If there is one sporting event that is discussed for 30 seconds each year, it is the Super Bowl ads. The 57th edition on Sunday featured 70 in-game ads with the most expensive 30 second spots costing a cool $7 million. And they did not disappoint offering a range of themes rammed with celebrities, animations, and premature electrification. My favourite was the GM ad partnering with Netflix that included Will Ferrell, Bridgerton, Stranger Things and Squid Game amongst others. Check it out here.
If the Super Bowl ads are not crazy enough, the €830 million ‘invested’ by English football clubs in the January transfer window to sign new players was insane and almost double the previous record. With this budget you could have bought 127 TV commercials around the Super Bowl! The English Premier League is becoming the Super League most fans, clubs and UEFA wanted to avoid two years ago when a group of European clubs tried to set up an exclusive breakaway league.
But in all seriousness, there is a subtle difference in these two cases. When discussing marketing principles with university or masters students, I often ask about the difference between product orientation and market orientation that has been around for years in the marketing literature. Which one is more effective and what is the current thinking? Most students insist brands today adopt a market orientated approach, listening to the needs and wishes of their customers to ‘add value’ to their products and services. The marketing strategy and campaigns are created to promote these benefits, retain existing customers, and acquire new ones. Short term and long term thinking combined.

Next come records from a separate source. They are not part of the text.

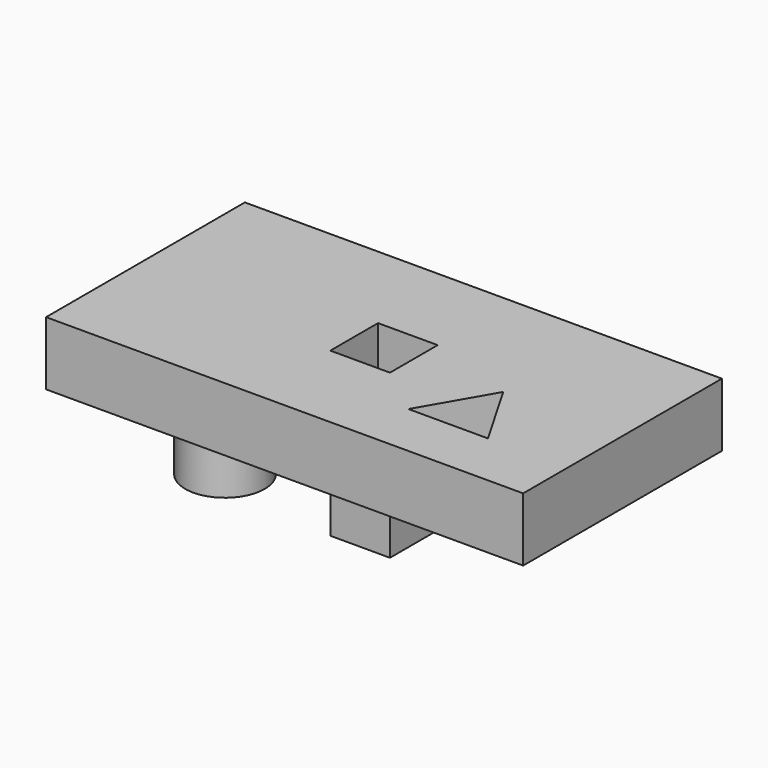
from build123d import *

# Parameters (mm, degrees)
F0_W     = 152.4
F0_H     = 79.375
F0_R     = 12.7
F0_W_2   = 19.05
F0_H_2   = 19.05
F1_DEPTH = 20.32
F2_DEPTH = 31.75
F3_DEPTH = 31.75


# Not quite as in the source:
# - a feature names something its author has since deleted; it is built from what else it names


with BuildPart() as f1:
    # F0 (on Top) → F1 (new body)
    with BuildSketch(Plane.XY):
        with Locations((-31.75, 0)):
            Rectangle(F0_W, F0_H)
        Polygon((-6.35, -21.9970452561), (6.35, 0), (19.05, -21.9970452561), align=None, mode=Mode.SUBTRACT)
        with Locations((-82.55, 0)):
            Circle(F0_R, mode=Mode.SUBTRACT)
        with Locations((-31.75, 0)):
            Rectangle(F0_W_2, F0_H_2, mode=Mode.SUBTRACT)
        with Locations((-82.55, 0)):
            Circle(F0_R)
    extrude(amount=F1_DEPTH)


with BuildPart() as f2:
    # F0 (on Top) → F2 (new body)
    with BuildSketch(Plane.XY):
        with Locations((-82.55, 0)):
            Circle(F0_R)
    extrude(amount=-F2_DEPTH)


with BuildPart() as f3:
    # F0 (on Top) → F3 (new body)
    with BuildSketch(Plane.XY):
        with Locations((-31.75, 0)):
            Rectangle(F0_W_2, F0_H_2)
    extrude(amount=-F3_DEPTH)


solid = Compound([f1.part, f2.part, f3.part])
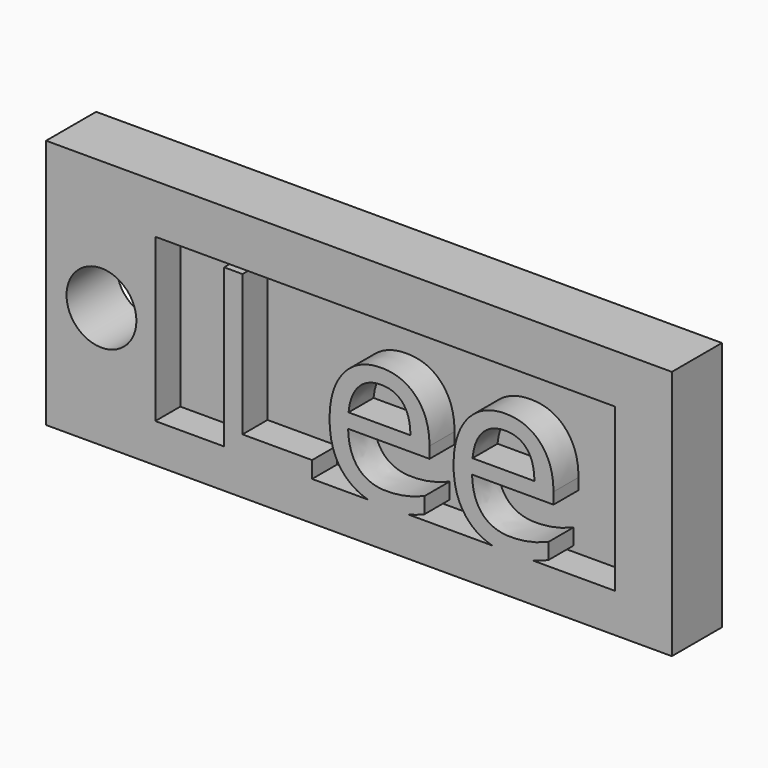
from build123d import *

# Parameters (mm, degrees)
F0_W         = 63.5
F0_H         = 25.4
F0_W_2       = 46.6525433585
F0_H_2       = 16.4656043053
F1_DEPTH     = 6.35
F2_DEPTH     = 3.175
F3_R         = 3.5456892192
F4_DEPTH     = 25.4
F5_TEXT_SIZE = 22.4199015333
F6_DEPTH     = 3.175


# Not quite as in the source:
# - Text() gives the source's letters only with a copy of the font that has no kerning and outlines rounded to 1/6400 em; it was checked with that copy


with BuildPart() as f1:
    # F0 (on Front) → F1 (new body)
    with BuildSketch(Plane.XZ):
        with Locations((31.75, 12.7)):
            Rectangle(F0_W, F0_H)
        with Locations((34.4082550146, 12.1932607144)):
            Rectangle(F0_W_2, F0_H_2, mode=Mode.SUBTRACT)
    extrude(amount=F1_DEPTH)

    # F0 (on Front) → F2 (join)
    with BuildSketch(Plane.XZ):
        with Locations((34.4082550146, 12.1932607144)):
            Rectangle(F0_W_2, F0_H_2)
    extrude(amount=F2_DEPTH)

    # F3 (on face) → F4 (cut)
    with BuildSketch(Plane.XZ.offset(6.35)):
        with Locations((5.6201964617, 12.2865745798)):
            Circle(F3_R)
    extrude(amount=-F4_DEPTH, mode=Mode.SUBTRACT)

    # F5 (on face) → F6 (join)
    with BuildSketch(Plane.XZ.offset(3.175)):
        with Locations((15.8697989342, 3.9604585618)):
            Text('Lee', F5_TEXT_SIZE, font='Open Sans', text_align=(TextAlign.LEFT, TextAlign.BOTTOM))
    extrude(amount=F6_DEPTH)


solid = f1.part
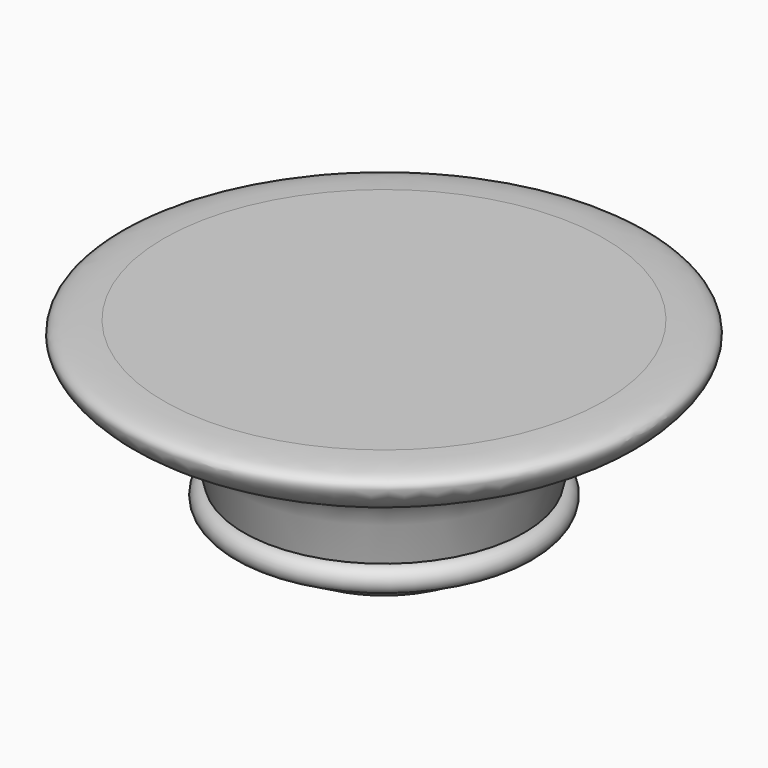
from build123d import *


with BuildPart() as f1:
    # F0 (on Front) → F1 (revolve)
    with BuildSketch(Plane.XZ):
        with BuildLine():
            Line((0, 70.1842084527), (0, 0))
            Line((0, 0), (22.7396823466, 0))
            add(Edge.make_bspline(
                [(22.7396823466, 0), (31.3707231713, 3.9517153813), (40.001763996, 7.9034307625), (44.5460036318, 14.9970185966)],
                knots=[0, 0, 0, 0, 0.2115090405, 0.2115090405, 0.2115090405, 0.2115090405], degree=3))
            add(Edge.make_bspline(
                [(44.5460036318, 14.9970185966), (44.8174749118, 15.4207870426), (46.0982067573, 17.5894295368), (46.994751399, 20.0534294847), (47.5912563159, 22.1146519768)],
                knots=[0.2115090405, 0.2115090405, 0.2115090405, 0.2115090405, 0.2241445163, 0.2745044692, 0.2745044692, 0.2745044692, 0.2745044692], degree=3))
            add(Edge.make_bspline(
                [(47.5912563159, 22.1146519768), (49.663673869, 29.2758899683), (51.1134227247, 48.5590309681), (81.5962278167, 52.7939949916), (94.1960510541, 69.6562341921), (81.3245532577, 70.0043798994), (74.6760070324, 70.1842084527)],
                knots=[0.2745044692, 0.2745044692, 0.2745044692, 0.2745044692, 0.449468409, 0.6827123966, 0.8361106585, 1, 1, 1, 1], degree=3))
            Line((74.6760070324, 70.1842084527), (0, 70.1842084527))
        make_face()
        with BuildLine():
            add(Edge.make_bspline(
                [(44.5460036318, 14.9970185966), (44.8174749118, 15.4207870426), (46.0982067573, 17.5894295368), (46.994751399, 20.0534294847), (47.5912563159, 22.1146519768)],
                knots=[0.2115090405, 0.2115090405, 0.2115090405, 0.2115090405, 0.2241445163, 0.2745044692, 0.2745044692, 0.2745044692, 0.2745044692], degree=3))
            ThreePointArc((44.5460036318, 14.9970185966), (51.2693875538, 16.3307107075), (47.5912563159, 22.1146519768))
        make_face()
    revolve(axis=Axis((0, 0, 35.0921042264), (0, 0, 1)))


solid = f1.part
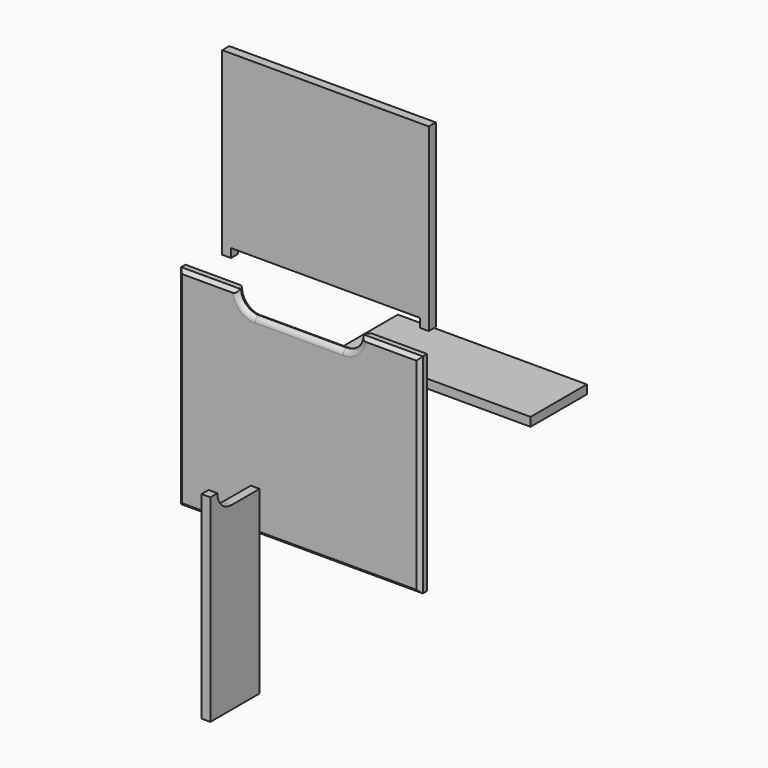
from build123d import *

# Parameters (mm, degrees)
F1_DEPTH     = 12.7
F2_SIZE      = 5.08
F3_T3_DEPTH  = 127
F3_T6_DEPTH  = 127
F3_T9_ANGLE  = 132.9890967712
F3_T12_ANGLE = 132.9890967712
F3_T15_ANGLE = 121.447994897
F3_T18_ANGLE = 121.447994897
F4_W         = 273.05
F4_H         = 101.6
F5_DEPTH     = 12.7
F7_DEPTH     = 12.7
F9_DEPTH     = 12.7


# Not quite as in the source:
# - a fillet or chamfer that OpenCascade refuses, or shapes differently, is made with other operations: its cross-section is extruded or revolved along the edge and cut away or added


with BuildPart() as f1:
    # F0 (on Front) → F1 (new body)
    with BuildSketch(Plane.XZ):
        with BuildLine():
            Line((-97.1290172577, 136.0299303359), (-182.8540172577, 136.0299303359))
            Line((-182.8540172577, 136.0299303359), (-182.8540172577, -165.5950696641))
            Line((-182.8540172577, -165.5950696641), (166.3959827423, -165.5950696641))
            Line((166.3959827423, -165.5950696641), (166.3959827423, 136.0299303359))
            Line((166.3959827423, 136.0299303359), (80.6709827423, 136.0299303359))
            ThreePointArc((80.6709827423, 136.0299303359), (73.2314949844, 118.0694180937), (55.2709827423, 110.6299303359))
            Line((55.2709827423, 110.6299303359), (-71.7290172577, 110.6299303359))
            ThreePointArc((-71.7290172577, 110.6299303359), (-89.6895294998, 118.0694180937), (-97.1290172577, 136.0299303359))
        make_face()
    extrude(amount=F1_DEPTH)

    # F2
    f2_edges = [f1.edges().sort_by_distance(p)[0] for p in [
        (-8.229017, -12.7, -165.59507),
        (166.395983, -12.7, -14.78257),
        (-182.854017, -12.7, -14.78257),
        (-139.991517, -12.7, 136.02993),
        (123.533483, -12.7, 136.02993),
    ]]
    chamfer(f2_edges, length=F2_SIZE)

    # F3: fillet of radius 7.62 on 2 edges, made by hand


with BuildPart() as f3_tool1:
    # F3_s2 → F3_t3 (new body)
    with BuildSketch(Plane.YZ.offset(55.2709827423)):
        with BuildLine():
            ThreePointArc((-12.7, 103.0099303359), (-10.4681536726, 108.3980840085), (-5.08, 110.6299303359))
            Line((-5.08, 110.6299303359), (-12.7, 110.6299303359))
            Line((-12.7, 110.6299303359), (-12.7, 103.0099303359))
        make_face()
    extrude(amount=-F3_T3_DEPTH)


with BuildPart() as f3_tool4:
    # F3_s5 → F3_t6 (new body)
    with BuildSketch(Plane.YZ.offset(55.2709827423)):
        with BuildLine():
            ThreePointArc((0, 103.0099303359), (-2.2318463274, 108.3980840085), (-7.62, 110.6299303359))
            Line((-7.62, 110.6299303359), (0, 110.6299303359))
            Line((0, 110.6299303359), (0, 103.0099303359))
        make_face()
    extrude(amount=-F3_T6_DEPTH)


with BuildPart() as f3_tool7:
    # F3_s8 → F3_t9 (revolve)
    with BuildSketch(Plane(origin=(-42.1502287044, 0, 45.217835005), x_dir=(0, 1, 0), z_dir=(-0.6818591731, 0, 0.7314834708))):
        with BuildLine():
            ThreePointArc((0, -166.2030661087), (-2.2318463274, -160.8149124361), (-7.62, -158.5830661087))
            Line((-7.62, -158.5830661087), (0, -158.5830661087))
            Line((0, -158.5830661087), (0, -166.2030661087))
        make_face()
    revolve(axis=Axis((55.2709827423, 0, 136.0299303359), (0, 1, 0)), revolution_arc=F3_T9_ANGLE)


with BuildPart() as f3_tool10:
    # F3_s11 → F3_t12 (revolve)
    with BuildSketch(Plane.YZ.offset(-71.7290172577)):
        with BuildLine():
            ThreePointArc((-7.62, 110.6299303359), (-2.2318463274, 108.3980840085), (0, 103.0099303359))
            Line((0, 103.0099303359), (0, 110.6299303359))
            Line((0, 110.6299303359), (-7.62, 110.6299303359))
        make_face()
    revolve(axis=Axis((-71.7290172577, 0, 136.0299303359), (0, 1, 0)), revolution_arc=F3_T12_ANGLE)


with BuildPart() as f3_tool13:
    # F3_s14 → F3_t15 (revolve)
    with BuildSketch(Plane(origin=(-45.5010619878, 0, 74.4024868236), x_dir=(0, 1, 0), z_dir=(-0.521724442, 0, 0.8531140643))):
        with BuildLine():
            ThreePointArc((-12.7, -151.1425922207), (-10.4681536726, -145.7544385481), (-5.08, -143.5225922207))
            Line((-5.08, -143.5225922207), (-12.7, -143.5225922207))
            Line((-12.7, -143.5225922207), (-12.7, -151.1425922207))
        make_face()
    revolve(axis=Axis((55.2709827423, -12.7, 136.0299303359), (0, 1, 0)), revolution_arc=F3_T15_ANGLE)


with BuildPart() as f3_tool16:
    # F3_s17 → F3_t18 (revolve)
    with BuildSketch(Plane.YZ.offset(-71.7290172577)):
        with BuildLine():
            ThreePointArc((-5.08, 110.6299303359), (-10.4681536726, 108.3980840085), (-12.7, 103.0099303359))
            Line((-12.7, 103.0099303359), (-12.7, 110.6299303359))
            Line((-12.7, 110.6299303359), (-5.08, 110.6299303359))
        make_face()
    revolve(axis=Axis((-71.7290172577, -12.7, 136.0299303359), (0, 1, 0)), revolution_arc=F3_T18_ANGLE)


with BuildPart() as f1_1:
    add(f1.part)

    # F3_t19: cut F3_tool1, F3_tool4, F3_tool7, F3_tool10, F3_tool13, F3_tool16
    add([f3_tool1.part, f3_tool4.part, f3_tool7.part, f3_tool10.part, f3_tool13.part, f3_tool16.part], mode=Mode.SUBTRACT)


with BuildPart() as f5:
    # F4 (on Top) → F5 (new body)
    with BuildSketch(Plane.XY):
        with Locations((69.1801686266, 188.6979788542)):
            Rectangle(F4_W, F4_H)
    extrude(amount=F5_DEPTH)


with BuildPart() as f7:
    # F6 (on Right) → F7 (new body)
    with BuildSketch(Plane.YZ):
        with BuildLine():
            ThreePointArc((-161.1934086972, -40.7115346551), (-179.1539209393, -33.2720468972), (-186.5934086972, -15.3115346551))
            Line((-186.5934086972, -15.3115346551), (-199.2934086972, -15.3115346551))
            Line((-199.2934086972, -15.3115346551), (-199.2934086972, -301.0615346551))
            Line((-199.2934086972, -301.0615346551), (-110.3934086972, -301.0615346551))
            Line((-110.3934086972, -301.0615346551), (-110.3934086972, -40.7115346551))
            Line((-110.3934086972, -40.7115346551), (-161.1934086972, -40.7115346551))
        make_face()
    extrude(amount=F7_DEPTH)


with BuildPart() as f9:
    # F8 (on face) → F9 (new body)
    with BuildSketch(Plane.XZ.offset(12.7)):
        Polygon((189.165537107, 443.1593230724), (-109.284462893, 443.1593230724), (-109.284462893, 195.5093230724), (-109.284462893, 182.8093230724), (-96.584462893, 182.8093230724), (-96.584462893, 195.5093230724), (176.465537107, 195.5093230724), (176.465537107, 182.8093230724), (189.165537107, 182.8093230724), (189.165537107, 195.5093230724), align=None)
    extrude(amount=F9_DEPTH)


solid = Compound([f1_1.part, f5.part, f7.part, f9.part])
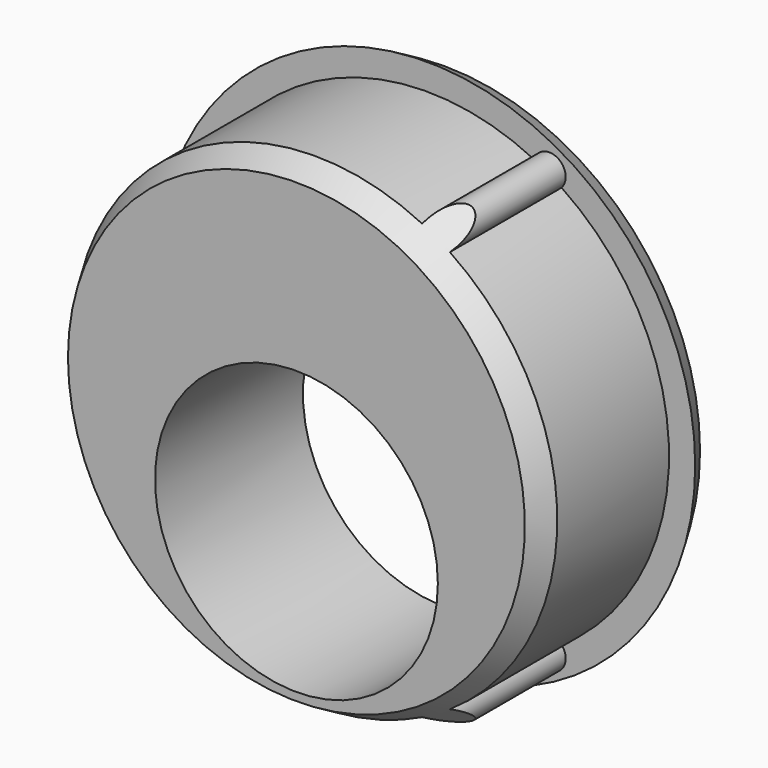
from build123d import *

# Parameters (mm, degrees)
F0_R          = 22.25
F0_R_2        = 13
F1_DEPTH      = 15
F1_DEPTH_BACK = 2
F4_R          = 1.5
F5_DEPTH      = 15


with BuildPart() as f1:
    # F0 (on Front) → F1 (new body, two sides)
    with BuildSketch(Plane.XZ) as f1_sk:
        Circle(F0_R)
        with Locations((0, -7.25)):
            Circle(F0_R_2, mode=Mode.SUBTRACT)
    extrude(amount=F1_DEPTH)
    extrude(f1_sk.sketch, amount=-F1_DEPTH_BACK)

    # F2 (on Top) → F3 (revolve)
    with BuildSketch(Plane.XY):
        Polygon((-24.6547005384, 0), (-21.5, 0), (-21.5, 2), (-23.5, 2), align=None)
    revolve(axis=Axis((0, 0, 0), (0, 1, 0)))

    # F4 (on Front) → F5 (join, through all)
    with BuildSketch(Plane.XZ):
        with Locations((-22.5, 0)):
            Circle(F4_R)
        with Locations((11.25, -19.4855715851)):
            Circle(F4_R)
        with Locations((11.25, 19.4855715851)):
            Circle(F4_R)
    extrude(amount=F5_DEPTH)

    # F6 (on Top) → F7 (revolve, cut)
    with BuildSketch(Plane.XY):
        Polygon((-24.8129580218, -15), (-21, -15), (-24.8129580218, -8.3957629791), align=None)
    revolve(axis=Axis((0, 0, 0), (0, 1, 0)), mode=Mode.SUBTRACT)


solid = f1.part
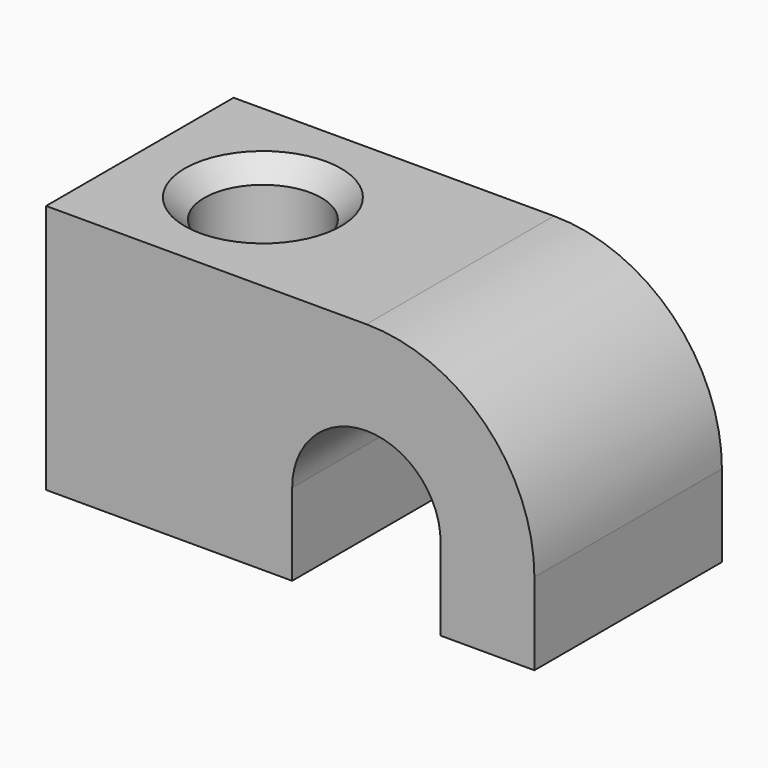
from build123d import *

# Parameters (mm, degrees)
F1_DEPTH       = 6
F3_D           = 3
F3_CSINK_D     = 4
F3_CSINK_ANGLE = 90


# Not quite as in the source:
# - a feature names something its author has since deleted; it is built from what else it names


with BuildPart() as f1:
    # F0 (on Front) → F1 (new body)
    with BuildSketch(Plane.XZ):
        with BuildLine():
            Line((12.5, -2.1), (12.5, 0))
            ThreePointArc((12.5, 0), (11.2405591591, 3.0405591591), (8.2, 4.3))
            Line((8.2, 4.3), (0, 4.3))
            Line((0, 4.3), (0, -2.1))
            Line((0, -2.1), (6.3, -2.1))
            Line((6.3, -2.1), (6.3, 0))
            ThreePointArc((6.3, 0), (8.2, 1.9), (10.1, 0))
            Line((10.1, 0), (10.1, -2.1))
            Line((10.1, -2.1), (12.5, -2.1))
        make_face()
    extrude(amount=F1_DEPTH)

    # F3 (through all)
    with Locations(Plane.XY.offset(4.3)):
        with Locations((3.15, -3)):
            CounterSinkHole(F3_D / 2, F3_CSINK_D / 2, counter_sink_angle=F3_CSINK_ANGLE)


solid = f1.part

When it comes to brands like Bud Light, GM, Pepsi, Doritos, Workday or Skechers who all featured around Super Bowl LVII, there is the potential to increase brand awareness, emotional share of voice and drive key messages amongst the Super Bowl fan base. Over time these activities need to generate brand preference and conversion into sales. And this is irrespective of what happens on the pitch, which was incidentally won by the Kansas City Chiefs.
With the English Premier League and 20 member football clubs, the situation is crystal clear. There can only be one champion at the end of the season and three teams are relegated. In fact, there are only four or five teams who could win the English Premier League and the others will be happy not to finish in the bottom three and be relegated. So how much can one team or league benefit from investing €830 million in new player signings? Does this really build the EPL brand and the individual club brands that leads to more engaged fans and ultimately more revenue for each club? I doubt it. The English Premier League is one of the most successful widely broadcast media products in the sports world. If the current model was so effective and sustainable, EPL football clubs would be generating a higher return on investment for the number of fans and supporters who claim allegiance to these sporting brands, their products, and services.
Perhaps it is time to take a different approach. Mark Ritson, a brand consultant, former marketing professor and regular author in Marketing Week often quotes the work of Les Binet and Peter Field, especially ‘The Long and the Short of It’ (TLATSOI). Keeping it very simple, ‘the long’ is any marketing investment that creates long term memories, which might result in enduring changes in behaviour. And ‘the short’ is referred to as sales activation intended to generate an immediate response from the market, in other words ‘buy my product or service’. Further research revealed spending 60% of the budget on long-term brand building and 40% on short-term activations would more likely help a brand prosper. The other important finding is that short-term investments do not build long-term brand building, but longer term investments do contribute to short-term sales.
In footballing terms, player signings in January are short-term investments that have short term effects. What would happen if professional football clubs invested more budget and resources in social projects with schools and local communities, or climate change leadership as part of their longer term brand building? Who knows, perhaps their brands could generate increased revenue from sponsors on big match days irrespective of the performance on the pitch. In effect, a super bowl that drives positive societal change week in week out. And that’s the long and the short of it.